_Problem requirements:_
Each line from the one containing "extrude(amount=CUT_EXTRUDE1_DEPTH, mode=Mode.SUBTRACT)" through the end of the entries below should be transcribed exactly, and no other line.

_Data supplied:_

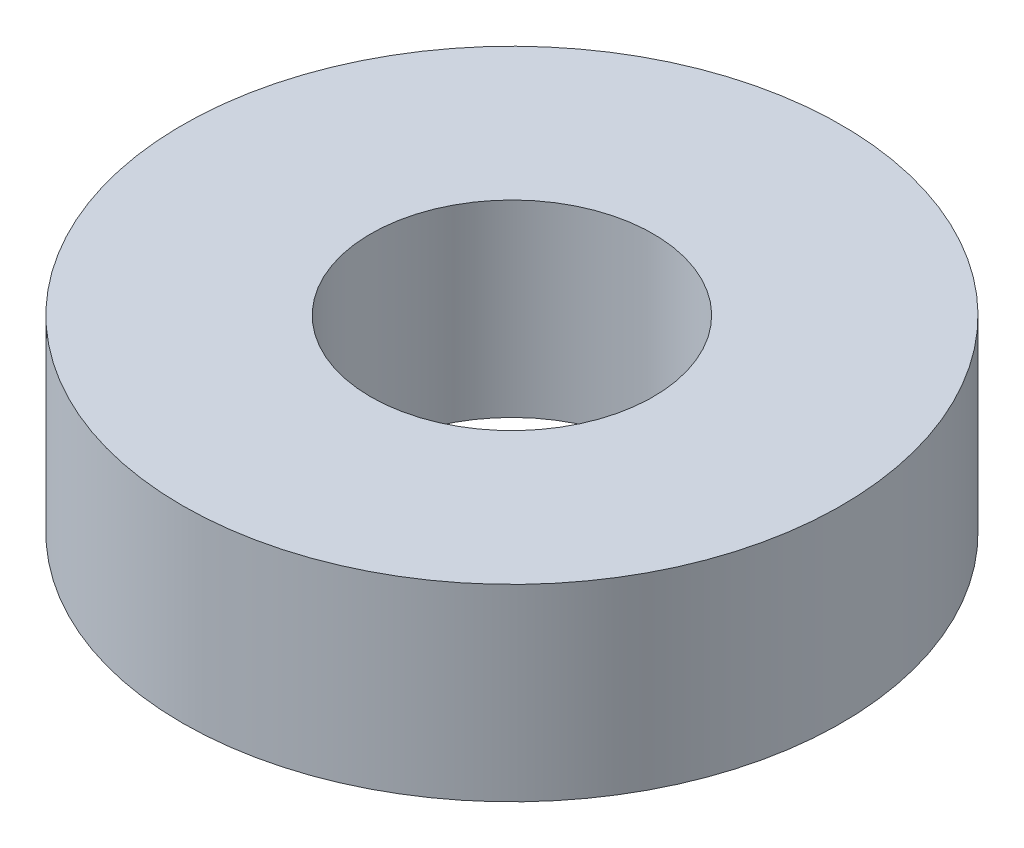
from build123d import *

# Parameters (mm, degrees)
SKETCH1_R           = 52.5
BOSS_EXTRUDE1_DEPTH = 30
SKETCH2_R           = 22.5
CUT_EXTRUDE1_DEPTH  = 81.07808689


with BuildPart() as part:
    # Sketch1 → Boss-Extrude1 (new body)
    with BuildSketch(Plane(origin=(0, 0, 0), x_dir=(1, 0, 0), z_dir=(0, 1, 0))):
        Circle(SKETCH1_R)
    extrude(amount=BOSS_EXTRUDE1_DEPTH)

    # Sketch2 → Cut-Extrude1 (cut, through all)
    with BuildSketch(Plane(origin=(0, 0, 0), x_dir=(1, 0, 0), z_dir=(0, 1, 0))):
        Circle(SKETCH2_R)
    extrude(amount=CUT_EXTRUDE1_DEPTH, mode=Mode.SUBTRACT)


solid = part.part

_Written solution:_
    extrude(amount=CUT_EXTRUDE1_DEPTH, mode=Mode.SUBTRACT)


solid = part.part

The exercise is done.